What is required: The lines to copy are those with "color" in them. Pull each one from the entries below.

Given records:
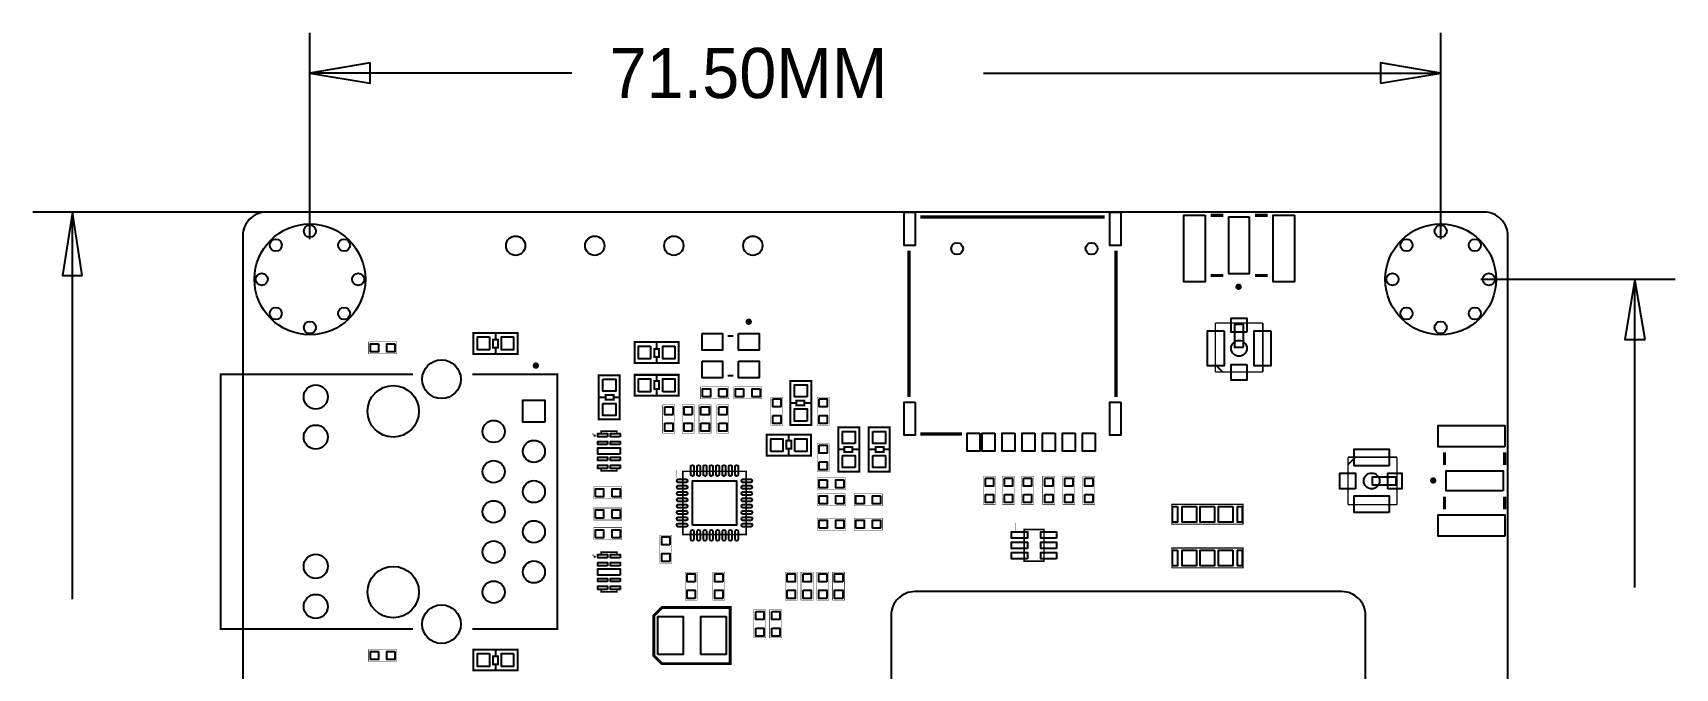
# Model space of a CAD drawing. Extents: x -13 to 91, y -14 to 91.
# Drawn here: x -13.3 to 90.6, y 51.2 to 91.3 of the extents above; entities that cross this region are included whole.
import ezdxf

# ---------------------------------------------------------------- set-up
doc = ezdxf.new("R2010")
doc.units = 0
for name, color, linetype in [('BG_DIMENSION', 85, 'CONTINUOUS'), ('BG_OUTLINE', 3, 'CONTINUOUS'), ('PG_SILKSCREEN_TOP', 7, 'CONTINUOUS'), ('PIN_TOP', 3, 'CONTINUOUS')]:
    doc.layers.add(name, color=color, linetype=linetype)

msp = doc.modelspace()

# ---------------------------------------------------------------- linework, layer by layer
at = {"layer": 'BG_DIMENSION'}
for points in [[(4.25, 78.29), (4.25, 91.3384)], [(75.75, 78.29), (75.75, 91.3384)], [(8.06, 89.4334), (4.25, 88.7984), (8.06, 88.1634), (8.06, 89.4334)], [(71.94, 88.1634), (75.75, 88.7984), (71.94, 89.4334), (71.94, 88.1634)], [(20.8217, 88.7984), (4.25, 88.7984)], [(46.8439, 88.7984), (75.75, 88.7984)], [(77.5, 80), (-13.2696, 80)], [(-10.1446, 76), (-10.7696, 80), (-11.3946, 76), (-10.1446, 76)], [(-10.7696, 55.518), (-10.7696, 80)], [(78.29, 75.75), (90.5764, 75.75)], [(88.6714, 71.94), (88.0364, 75.75), (87.4014, 71.94), (88.6714, 71.94)], [(88.0364, 56.2673), (88.0364, 75.75)]]:
    msp.add_lwpolyline(points, dxfattribs=at)
at = {"layer": 'BG_OUTLINE'}
for points in [[(1.4999, 0), (78.5001, 0, 0.414214), (80, 1.4999), (80, 78.5001, 0.414214), (78.5001, 80), (1.4999, 80, 0.414214), (0, 78.5001), (0, 1.4999, 0.414214), (1.4999, 0)], [(42.4999, 24), (69.5001, 24, 0.414214), (71, 25.4999), (71, 54.5001, 0.414214), (69.5001, 56), (42.4999, 56, 0.414214), (41, 54.5001), (41, 25.4999, 0.414214), (42.4999, 24)]]:
    msp.add_lwpolyline(points, format="xyb", dxfattribs=at)
at = {"layer": 'PG_SILKSCREEN_TOP'}
for points, const_width in [([(54.505, 79.6908), (42.845, 79.6908)], 0.2), ([(62, 79.8), (61.2, 79.8)], 0.2), ([(64.8, 79.8), (64, 79.8)], 0.2), ([(42.13, 68.3108), (42.13, 77.5708)], 0.2), ([(55.22, 68.3108), (55.22, 77.5708)], 0.2), ([(62, 75.99), (61.2, 75.99)], 0.2), ([(64.8, 75.99), (64, 75.99)], 0.2), ([(61.5, 69.89), (61.5, 72.99)], 0.1001), ([(61.5, 72.99), (64.5, 72.99)], 0.1001), ([(64.5, 72.99), (64.5, 69.89)], 0.1001), ([(9.6139, 71.0376), (7.9629, 71.0376), (7.9629, 71.7996), (9.7409, 71.7996), (9.7409, 71.0376), (9.6139, 71.0376)], 0.0254), ([(17.3863, 72.3584), (17.3863, 71.0376), (14.5923, 71.0376), (14.5923, 72.3584), (17.3863, 72.3584)], 0.127), ([(15.9893, 71.0884), (15.9893, 71.4186), (16.1417, 71.4186), (16.1417, 71.9266), (15.8369, 71.9266), (15.8369, 71.4186), (15.9893, 71.4186)], 0.127), ([(15.9893, 71.952), (15.9893, 72.333)], 0.127), ([(27.5717, 71.7804), (27.5717, 70.4596), (24.7777, 70.4596), (24.7777, 71.7804), (27.5717, 71.7804)], 0.127), ([(26.1747, 71.374), (26.1747, 71.755)], 0.127), ([(31.0269, 72.1668), (30.6669, 72.1668)], 0.127), ([(26.1747, 70.5104), (26.1747, 70.8406), (26.3271, 70.8406), (26.3271, 71.3486), (26.0223, 71.3486), (26.0223, 70.8406), (26.1747, 70.8406)], 0.127), ([(10.77, 53.6376), (-1.4, 53.6376), (-1.4, 69.7376), (10.77, 69.7376)], 0.127), ([(14.52, 69.7376), (19.9, 69.7376), (19.9, 53.6376), (14.52, 53.6376)], 0.127), ([(22.5171, 69.6849), (23.8379, 69.6849), (23.8379, 66.8909), (22.5171, 66.8909), (22.5171, 69.6849)], 0.127), ([(24.7777, 68.3895), (24.7777, 69.7103), (27.5717, 69.7103), (27.5717, 68.3895), (24.7777, 68.3895)], 0.127), ([(26.1747, 69.6595), (26.1747, 69.3293), (26.0223, 69.3293), (26.0223, 68.8213), (26.3271, 68.8213), (26.3271, 69.3293), (26.1747, 69.3293)], 0.127), ([(31.0269, 69.6668), (30.6669, 69.6668)], 0.127), ([(64.5, 69.89), (61.5, 69.89)], 0.1001), ([(61.5017, 70.354), (61.9648, 69.8908)], 0.1001), ([(61.965, 69.883), (61.521, 70.327)], 0.05), ([(26.1747, 68.7959), (26.1747, 68.4149)], 0.127), ([(29.083, 68.9483), (30.734, 68.9483), (30.734, 68.1863), (28.956, 68.1863), (28.956, 68.9483), (29.083, 68.9483)], 0.0254), ([(32.7025, 68.1863), (31.0515, 68.1863), (31.0515, 68.9483), (32.8295, 68.9483), (32.8295, 68.1863), (32.7025, 68.1863)], 0.0254), ([(35.9537, 66.5353), (34.6329, 66.5353), (34.6329, 69.3293), (35.9537, 69.3293), (35.9537, 66.5353)], 0.127), ([(22.9235, 68.2879), (22.5425, 68.2879)], 0.127), ([(23.7871, 68.2879), (23.4569, 68.2879), (23.4569, 68.4403), (22.9489, 68.4403), (22.9489, 68.1355), (23.4569, 68.1355), (23.4569, 68.2879)], 0.127), ([(27.3177, 67.6783), (27.3177, 66.0273), (26.5557, 66.0273), (26.5557, 67.8053), (27.3177, 67.8053), (27.3177, 67.6783)], 0.0254), ([(27.7876, 66.1543), (27.7876, 67.8053), (28.5496, 67.8053), (28.5496, 66.0273), (27.7876, 66.0273), (27.7876, 66.1543)], 0.0254), ([(29.6133, 67.6783), (29.6133, 66.0273), (28.8513, 66.0273), (28.8513, 67.8053), (29.6133, 67.8053), (29.6133, 67.6783)], 0.0254), ([(30.7467, 67.6783), (30.7467, 66.0273), (29.9847, 66.0273), (29.9847, 67.8053), (30.7467, 67.8053), (30.7467, 67.6783)], 0.0254), ([(34.1503, 68.1736), (34.1503, 66.5226), (33.3883, 66.5226), (33.3883, 68.3006), (34.1503, 68.3006), (34.1503, 68.1736)], 0.0254), ([(34.6837, 67.9323), (35.0139, 67.9323), (35.0139, 67.7799), (35.5219, 67.7799), (35.5219, 68.0847), (35.0139, 68.0847), (35.0139, 67.9323)], 0.127), ([(35.5473, 67.9323), (35.9283, 67.9323)], 0.127), ([(37.0901, 68.1736), (37.0901, 66.5226), (36.3281, 66.5226), (36.3281, 68.3006), (37.0901, 68.3006), (37.0901, 68.1736)], 0.0254), ([(22.2148, 65.922), (22.2148, 65.897), (22.1898, 65.897)], 0.2), ([(22.6648, 66.047), (22.6648, 66.147), (23.6648, 66.147), (23.6648, 66.047)], 0.1), ([(33.1343, 64.6049), (33.1343, 65.9257), (35.9283, 65.9257), (35.9283, 64.6049), (33.1343, 64.6049)], 0.127), ([(34.5313, 65.8749), (34.5313, 65.5447), (34.3789, 65.5447), (34.3789, 65.0367), (34.6837, 65.0367), (34.6837, 65.5447), (34.5313, 65.5447)], 0.127), ([(38.989, 63.596), (37.6682, 63.596), (37.6682, 66.39), (38.989, 66.39), (38.989, 63.596)], 0.127), ([(39.5859, 66.39), (40.9067, 66.39), (40.9067, 63.596), (39.5859, 63.596), (39.5859, 66.39)], 0.127), ([(45.485, 65.9708), (42.845, 65.9708)], 0.2), ([(34.5313, 65.0113), (34.5313, 64.6303)], 0.127), ([(37.0901, 65.247), (37.0901, 63.596), (36.3281, 63.596), (36.3281, 65.374), (37.0901, 65.374), (37.0901, 65.247)], 0.0254), ([(37.719, 64.993), (38.0492, 64.993), (38.0492, 64.8406), (38.5572, 64.8406), (38.5572, 65.1454), (38.0492, 65.1454), (38.0492, 64.993)], 0.127), ([(38.5826, 64.993), (38.9636, 64.993)], 0.127), ([(39.9923, 64.993), (39.6113, 64.993)], 0.127), ([(40.8559, 64.993), (40.5257, 64.993), (40.5257, 65.1454), (40.0177, 65.1454), (40.0177, 64.8406), (40.5257, 64.8406), (40.5257, 64.993)], 0.127), ([(69.89, 61.5), (69.89, 64.5)], 0.1001), ([(69.89, 64.5), (72.99, 64.5)], 0.1001), ([(70.354, 64.4983), (69.8908, 64.0352)], 0.1001), ([(69.883, 64.035), (70.327, 64.479)], 0.05), ([(72.99, 64.5), (72.99, 61.5)], 0.1001), ([(75.99, 64), (75.99, 64.8)], 0.2), ([(79.8, 64), (79.8, 64.8)], 0.2), ([(23.6648, 63.747), (23.6648, 63.647), (22.6648, 63.647), (22.6648, 63.747)], 0.1), ([(27.4701, 63.4365), (27.4447, 63.4365)], 0.5), ([(27.8323, 59.6077), (31.8323, 59.6077), (31.8323, 63.6077), (27.8323, 63.6077), (27.8323, 59.6077)], 0.1), ([(22.3266, 62.6237), (23.9776, 62.6237), (23.9776, 61.8617), (22.1996, 61.8617), (22.1996, 62.6237), (22.3266, 62.6237)], 0.0254), ([(37.9918, 62.4333), (36.3408, 62.4333), (36.3408, 63.1953), (38.1188, 63.1953), (38.1188, 62.4333), (37.9918, 62.4333)], 0.0254), ([(47.5964, 63.1698), (47.5964, 61.5188), (46.8344, 61.5188), (46.8344, 63.2968), (47.5964, 63.2968), (47.5964, 63.1698)], 0.0254), ([(48.8062, 63.1698), (48.8062, 61.5188), (48.0442, 61.5188), (48.0442, 63.2968), (48.8062, 63.2968), (48.8062, 63.1698)], 0.0254), ([(49.9999, 63.1698), (49.9999, 61.5188), (49.2379, 61.5188), (49.2379, 63.2968), (49.9999, 63.2968), (49.9999, 63.1698)], 0.0254), ([(51.346, 63.1698), (51.346, 61.5188), (50.584, 61.5188), (50.584, 63.2968), (51.346, 63.2968), (51.346, 63.1698)], 0.0254), ([(52.6161, 63.1698), (52.6161, 61.5188), (51.8541, 61.5188), (51.8541, 63.2968), (52.6161, 63.2968), (52.6161, 63.1698)], 0.0254), ([(53.8861, 63.1698), (53.8861, 61.5188), (53.1241, 61.5188), (53.1241, 63.2968), (53.8861, 63.2968), (53.8861, 63.1698)], 0.0254), ([(22.3266, 61.2902), (23.9776, 61.2902), (23.9776, 60.5282), (22.1996, 60.5282), (22.1996, 61.2902), (22.3266, 61.2902)], 0.0254), ([(36.4678, 62.1887), (38.1188, 62.1887), (38.1188, 61.4267), (36.3408, 61.4267), (36.3408, 62.1887), (36.4678, 62.1887)], 0.0254), ([(40.3159, 61.4267), (38.6649, 61.4267), (38.6649, 62.1887), (40.4429, 62.1887), (40.4429, 61.4267), (40.3159, 61.4267)], 0.0254), ([(58.75, 60.26), (63.25, 60.26), (63.25, 61.52), (58.75, 61.52), (58.75, 60.26)], 0.07), ([(72.99, 61.5), (69.89, 61.5)], 0.1001), ([(75.99, 61.2), (75.99, 62)], 0.2), ([(79.8, 61.2), (79.8, 62)], 0.2), ([(36.4678, 60.6441), (38.1188, 60.6441), (38.1188, 59.8821), (36.3408, 59.8821), (36.3408, 60.6441), (36.4678, 60.6441)], 0.0254), ([(38.7919, 60.6441), (40.4429, 60.6441), (40.4429, 59.8821), (38.6649, 59.8821), (38.6649, 60.6441), (38.7919, 60.6441)], 0.0254), ([(48.8462, 60.0964), (48.8716, 60.0964)], 0.5), ([(22.3266, 60.0456), (23.9776, 60.0456), (23.9776, 59.2836), (22.1996, 59.2836), (22.1996, 60.0456), (22.3266, 60.0456)], 0.0254), ([(26.3779, 57.9247), (26.3779, 59.5757), (27.1399, 59.5757), (27.1399, 57.7977), (26.3779, 57.7977), (26.3779, 57.9247)], 0.0254), ([(49.415, 59.928), (50.665, 59.928), (50.665, 57.928), (49.415, 57.928), (49.415, 59.928)], 0.1), ([(22.2148, 58.2655), (22.2148, 58.2405), (22.1898, 58.2405)], 0.2), ([(22.6648, 58.3905), (22.6648, 58.4905), (23.6648, 58.4905), (23.6648, 58.3905)], 0.1), ([(58.75, 57.5), (63.25, 57.5), (63.25, 58.76), (58.75, 58.76), (58.75, 57.5)], 0.07), ([(27.9781, 55.5879), (27.9781, 57.2389), (28.7401, 57.2389), (28.7401, 55.4609), (27.9781, 55.4609), (27.9781, 55.5879)], 0.0254), ([(29.7307, 55.5879), (29.7307, 57.2389), (30.4927, 57.2389), (30.4927, 55.4609), (29.7307, 55.4609), (29.7307, 55.5879)], 0.0254), ([(35.0647, 57.1119), (35.0647, 55.4609), (34.3027, 55.4609), (34.3027, 57.2389), (35.0647, 57.2389), (35.0647, 57.1119)], 0.0254), ([(36.0647, 57.1119), (36.0647, 55.4609), (35.3027, 55.4609), (35.3027, 57.2389), (36.0647, 57.2389), (36.0647, 57.1119)], 0.0254), ([(36.3027, 55.5879), (36.3027, 57.2389), (37.0647, 57.2389), (37.0647, 55.4609), (36.3027, 55.4609), (36.3027, 55.5879)], 0.0254), ([(37.3027, 55.5879), (37.3027, 57.2389), (38.0647, 57.2389), (38.0647, 55.4609), (37.3027, 55.4609), (37.3027, 55.5879)], 0.0254), ([(23.6648, 56.0905), (23.6648, 55.9905), (22.6648, 55.9905), (22.6648, 56.0905)], 0.1), ([(30.826, 55), (26.508, 55), (26, 54.492), (26, 51.952), (26.508, 51.444), (30.826, 51.444), (30.826, 55)], 0.1778), ([(33.0835, 54.7243), (33.0835, 53.0733), (32.3215, 53.0733), (32.3215, 54.8513), (33.0835, 54.8513), (33.0835, 54.7243)], 0.0254), ([(34.0835, 54.7243), (34.0835, 53.0733), (33.3215, 53.0733), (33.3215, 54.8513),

Solution:
for name, color, linetype in [('BG_DIMENSION', 85, 'CONTINUOUS'), ('BG_OUTLINE', 3, 'CONTINUOUS'), ('PG_SILKSCREEN_TOP', 7, 'CONTINUOUS'), ('PIN_TOP', 3, 'CONTINUOUS')]:
    doc.layers.add(name, color=color, linetype=linetype)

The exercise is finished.